- Directed by: Ralf Bücheler
- Written by: Ralf Bücheler
- Produced by: Ingo Fliess
- Cinematography: Stefan Linn
- Edited by: Ralf Bücheler
- Release date: May 12, 2015 (Munich International Documentary Film Festival);
- Running time: 85 minutes
- Country: Germany
- Language: English

= Mission Control Texas =

2015 film

Mission Control Texas is a 2015 documentary film directed by Ralf Bücheler. The film explores the work of the atheist call-in-show The Atheist Experience in Austin, Texas.

== Film content ==
In the middle of the Bible Belt, in Austin, Texas, every Sunday a group of secular humanists debates on the cable-TV show The Atheist Experience religion and beliefs. Matt Dillahunty, one of the hosts of the webcast, appears to be especially harsh in debunking unfounded beliefs and even brings one of the Christian callers to rather come out as an advocate for slavery than distancing himself from the Bible. Repeatedly Dillahunty hangs up on callers when no progress is made in discussion and when the caller is inherently being dishonest or using fallacious arguments to rationalize beliefs.

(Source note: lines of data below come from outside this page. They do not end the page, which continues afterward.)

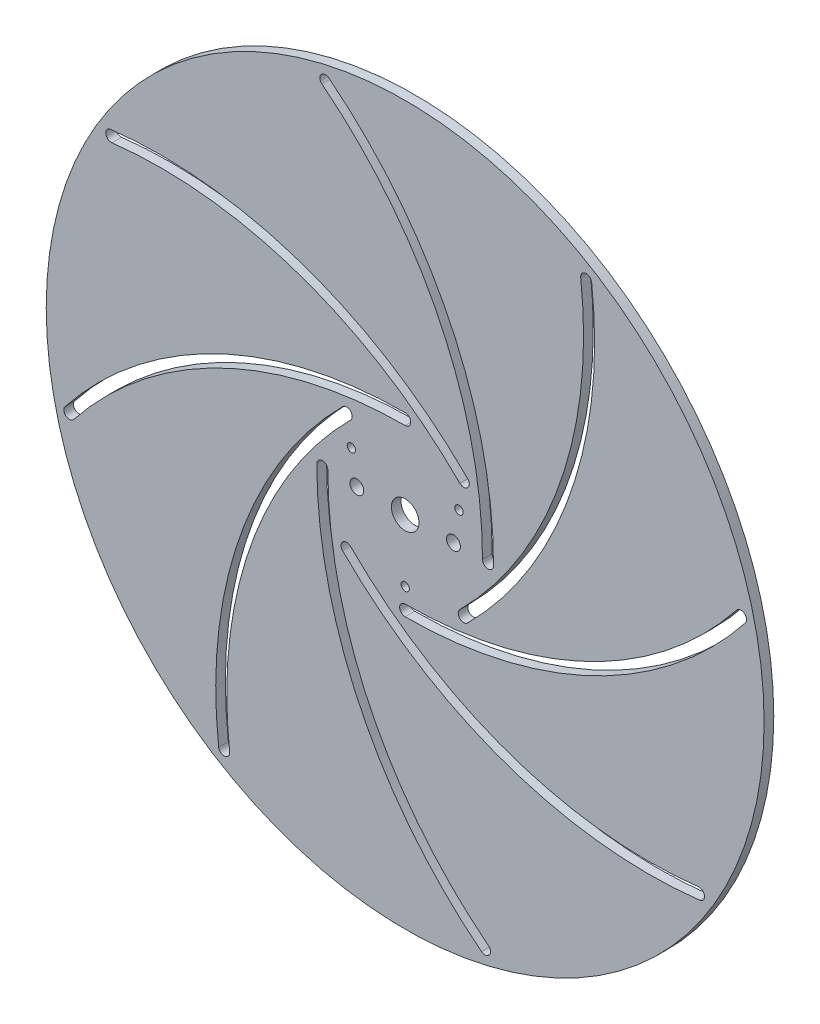
SolidWorks part; units mm, degrees
ref_plane "Front Plane" through (0, 0, 0) normal (0, 0, 1) x (1, 0, 0)
ref_plane "Top Plane" through (0, 0, 0) normal (0, 1, 0) x (1, 0, 0)
ref_plane "Right Plane" through (0, 0, 0) normal (1, 0, 0) x (0, 0, -1)
sketch "Sketch1" plane through (0, 0, 0) normal (0, 0, 1) x (1, 0, 0)
  line L0 (30, 0) -> (-130, 0) construction
  line L1 (0, 30) -> (0, -125) construction
  circle A0 centre (0, 0) radius 130
  circle A2 centre (0, 0) radius 30 construction
  circle A3 centre (0, 0) radius 125 construction
  arc A4 (0, 30) -> (-121.6133, -28.9) centre (0, -125) ccw construction
  arc A5 (0, 32) -> (-123.1825, -27.66) centre (0, -125) ccw
  arc A6 (0, 28) -> (-120.0441, -30.14) centre (0, -125) ccw
  arc A7 (0, 28) -> (0, 32) centre (0, 30) ccw
  arc A8 (-123.1825, -27.66) -> (-120.0441, -30.14) centre (-121.6133, -28.9) ccw
  arc A9 (21.2132, 21.2132) -> (-106.429, 65.5582) centre (-88.3883, -88.3883) ccw construction
  arc A14 (22.6274, 22.6274) -> (-106.6617, 67.5446) centre (-88.3883, -88.3883) ccw
  arc A19 (19.799, 19.799) -> (-106.1962, 63.5718) centre (-88.3883, -88.3883) ccw
  arc A24 (19.799, 19.799) -> (22.6274, 22.6274) centre (21.2132, 21.2132) ccw
  arc A29 (-106.6617, 67.5446) -> (-106.1962, 63.5718) centre (-106.429, 65.5582) ccw
  arc A35 (30, 0) -> (-28.9, 121.6133) centre (-125, 0) ccw construction
  arc A36 (32, 0) -> (-27.66, 123.1825) centre (-125, 0) ccw
  arc A37 (28, 0) -> (-30.14, 120.0441) centre (-125, 0) ccw
  arc A38 (28, 0) -> (32, 0) centre (30, 0) ccw
  arc A39 (-27.66, 123.1825) -> (-30.14, 120.0441) centre (-28.9, 121.6133) ccw
  arc A40 (21.2132, -21.2132) -> (65.5582, 106.429) centre (-88.3883, 88.3883) ccw construction
  arc A41 (22.6274, -22.6274) -> (67.5446, 106.6617) centre (-88.3883, 88.3883) ccw
  arc A42 (19.799, -19.799) -> (63.5718, 106.1962) centre (-88.3883, 88.3883) ccw
  arc A43 (19.799, -19.799) -> (22.6274, -22.6274) centre (21.2132, -21.2132) ccw
  arc A44 (67.5446, 106.6617) -> (63.5718, 106.1962) centre (65.5582, 106.429) ccw
  arc A45 (0, -30) -> (121.6133, 28.9) centre (0, 125) ccw construction
  arc A46 (0, -32) -> (123.1825, 27.66) centre (0, 125) ccw
  arc A47 (0, -28) -> (120.0441, 30.14) centre (0, 125) ccw
  arc A48 (0, -28) -> (0, -32) centre (0, -30) ccw
  arc A49 (123.1825, 27.66) -> (120.0441, 30.14) centre (121.6133, 28.9) ccw
  arc A50 (-21.2132, -21.2132) -> (106.429, -65.5582) centre (88.3883, 88.3883) ccw construction
  arc A51 (-22.6274, -22.6274) -> (106.6617, -67.5446) centre (88.3883, 88.3883) ccw
  arc A52 (-19.799, -19.799) -> (106.1962, -63.5718) centre (88.3883, 88.3883) ccw
  arc A53 (-19.799, -19.799) -> (-22.6274, -22.6274) centre (-21.2132, -21.2132) ccw
  arc A54 (106.6617, -67.5446) -> (106.1962, -63.5718) centre (106.429, -65.5582) ccw
  arc A55 (-30, 0) -> (28.9, -121.6133) centre (125, 0) ccw construction
  arc A56 (-32, 0) -> (27.66, -123.1825) centre (125, 0) ccw
  arc A57 (-28, 0) -> (30.14, -120.0441) centre (125, 0) ccw
  arc A58 (-28, 0) -> (-32, 0) centre (-30, 0) ccw
  arc A59 (27.66, -123.1825) -> (30.14, -120.0441) centre (28.9, -121.6133) ccw
  arc A60 (-21.2132, 21.2132) -> (-65.5582, -106.429) centre (88.3883, -88.3883) ccw construction
  arc A61 (-22.6274, 22.6274) -> (-67.5446, -106.6617) centre (88.3883, -88.3883) ccw
  arc A62 (-19.799, 19.799) -> (-63.5718, -106.1962) centre (88.3883, -88.3883) ccw
  arc A63 (-19.799, 19.799) -> (-22.6274, 22.6274) centre (-21.2132, 21.2132) ccw
  arc A64 (-67.5446, -106.6617) -> (-63.5718, -106.1962) centre (-65.5582, -106.429) ccw
  circle A65 centre (0, 0) radius 5
  circle A66 centre (-17.5, 0) radius 2.5
  arc A67 (-0.5, 4.9749) -> (0.5556, 4.969) centre (0, 0) cw
  circle A73 centre (0, 0) radius 17.5 construction
  circle A80 centre (17.5, 0) radius 2.5
  circle A81 centre (0, 0) radius 22.5 construction
  circle A84 centre (0, -22.5) radius 1.5
  circle A85 centre (-19.4856, 11.25) radius 1.5
  circle A86 centre (19.4856, 11.25) radius 1.5
  point P11 (-67.5629, 14.5)
  point P22 (-37.5212, 58.0273)
  point P30 (14.5, 67.5629)
  point P38 (58.0273, 37.5212)
  point P46 (67.5629, -14.5)
  point P54 (37.5212, -58.0273)
  point P59 (-0.3062, 0.1031)
  point P63 (-14.5, -67.5629)
  point P71 (-58.0273, -37.5212)
  point P76 (0, 0)
  point P78 (0, 0)
  point P89 (0, 0)
  point P93 (0, 0)
  point P101 (0, 0)
  point P102 (0, 0)
  point P104 (0, 0)
  dimension "D2" = 260
  dimension "D3" = 250
  dimension "D4" = 60
  dimension "D5" = 4
  dimension "D6" = 2
  dimension "D8" = 10
  dimension "D11" = 3
  dimension "D12" = 5
  dimension "D14" = 35
  dimension "D9" = 45
  dimension "D10" = 3
  dimension "D7" = 8
extrude "Boss-Extrude1" add sketch "Sketch1" along normal blind 1.75 and the other way blind 1.75 contours A0 A54 A51 A53 A52 A49 A46 A48 A47 A8 A5 A7 A6 | A65 region at (-126.323, 0, 0)
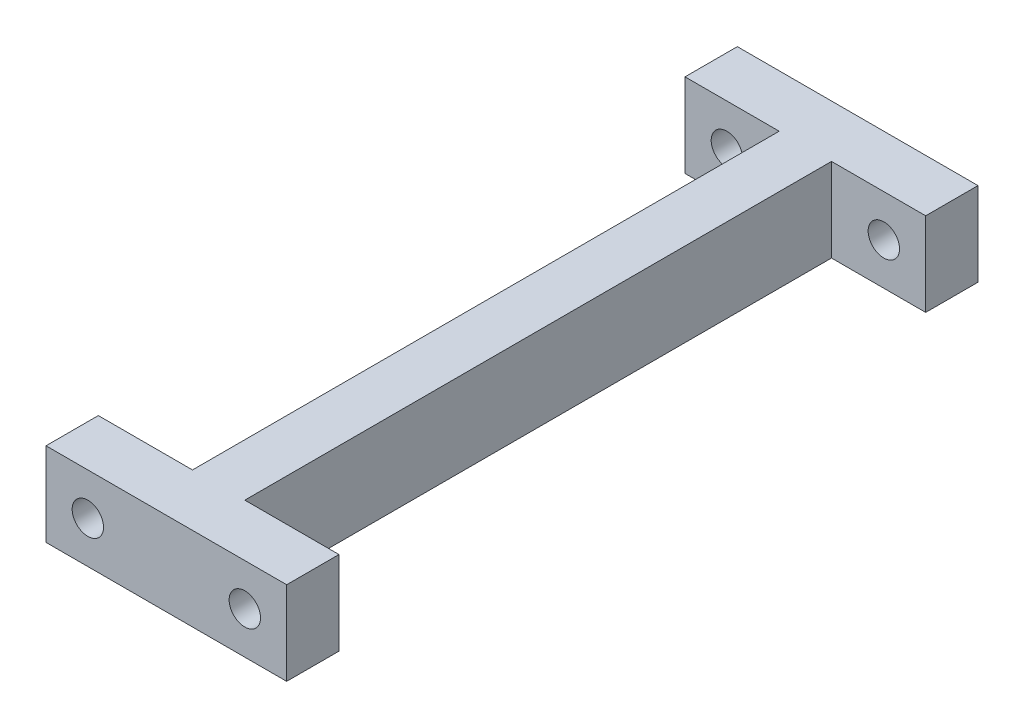
SolidWorks part; units mm, degrees
ref_plane "Front Plane" through (0, 0, 0) normal (0, 0, 1) x (1, 0, 0)
ref_plane "Top Plane" through (0, 0, 0) normal (0, 1, 0) x (1, 0, 0)
ref_plane "Right Plane" through (0, 0, 0) normal (1, 0, 0) x (0, 0, -1)
sketch "Sketch1" plane through (0, 0, 0) normal (0, 0, 1) x (1, 0, 0)
  line L0 (0, 0) -> (4, 4) construction
  line L1 (0, 0) -> (23, 0)
  line L2 (0, 0) -> (0, 8)
  line L3 (0, 8) -> (23, 8)
  line L4 (23, 0) -> (23, 8)
  line L5 (4, 4) -> (19, 4) construction
  line L6 (19, 4) -> (23, 0) construction
  line L7 (0, 8) -> (4, 4) construction
  line L8 (19, 4) -> (23, 8) construction
  circle A0 centre (4, 4) radius 1.5
  circle A1 centre (19, 4) radius 1.5
  point P9 (2.6887, 1.7001)
  dimension "D1" = 3
  dimension "D2" = 8
  dimension "D3" = 23
  dimension "D4" = 15
extrude "Boss-Extrude1" add sketch "Sketch1" along normal blind 5
sketch "Sketch2" plane through (0, 0, 5) normal (0, 0, 1) x (1, 0, 0)
  line L0 (23, 8) -> (0, 8) construction
  line L1 (9, 8) -> (14, 8)
  line L2 (9, 8) -> (9, 0)
  line L3 (9, 0) -> (14, 0)
  line L4 (14, 8) -> (14, 0)
  line L5 (0, 0) -> (23, 0) construction
  line L6 (0, 8) -> (9, 0) construction
  line L7 (23, 8) -> (14, 0) construction
  line L8 (9, 0) -> (14, 8) construction
  line L9 (9, 8) -> (14, 0) construction
  line L10 (11.5, 8) -> (11.5, 0) construction
  dimension "D1" = 5
extrude "Boss-Extrude2" add sketch "Sketch2" along normal blind 61.0706
sketch "Sketch4" plane through (0, 0, 66.0706) normal (0, 0, 1) x (1, 0, 0)
  line L0 (23, 0) -> (23, 8) construction
  line L1 (0, 0) -> (23, 0) construction
  line L2 (0, 0) -> (0, 8) construction
  line L3 (0, 8) -> (23, 8) construction
  line L4 (23, 0) -> (23, 8)
  line L5 (0, 0) -> (23, 0)
  line L6 (0, 0) -> (0, 8)
  line L7 (0, 8) -> (23, 8)
  circle A0 centre (4, 4) radius 1.5 construction
  circle A1 centre (19, 4) radius 1.5 construction
  circle A2 centre (4, 4) radius 1.5
  circle A3 centre (19, 4) radius 1.5
extrude "Boss-Extrude3" add sketch "Sketch4" against normal blind 5

Besides the atheist community Mission Control Texas shows bizarre worship ceremonies, a rodeo, miraculous healing and the distribution of groceries at a food bank. Everything is accompanied by prayer. Religion seems to be omnipresent. Nevertheless, participants of a Tea-Party-gathering complain about the lack of religious freedom in politics, meaning freedom only for the Christian religion.

A caller wants to know if there are atheists whose approach does more harm to the Freethought movement than good. Dillahunty seems to get the hint about his pushing manner of debating: "I have no problem with either diplomats or firebrands involved in the discussions surrounding this movement. I think, we need both, because I think, some people kind of need to be shocked into trying to challenge us."

== Production ==
Mission Control Texas was produced by Ingo Fliess (if... Productions) in coproduction with the University of Television and Film in Munich and the German public television station 3sat. It was additionally funded by FilmFernsehFonds Bayern with 30,000 Euros.

Director Ralf Bücheler chose a purely observational approach, without interviews or voice-over narration.

== Awards and nominations ==
Mission Control Texas premiered at the Max Ophüls Film Festival 2015, nominated in the category Best Documentary Film. It was first shown on 3Sat on June 14, 2015. A few days later it won the FFF-Förderpreis award at the Munich-based documentary film festival DOK.fest München 2015.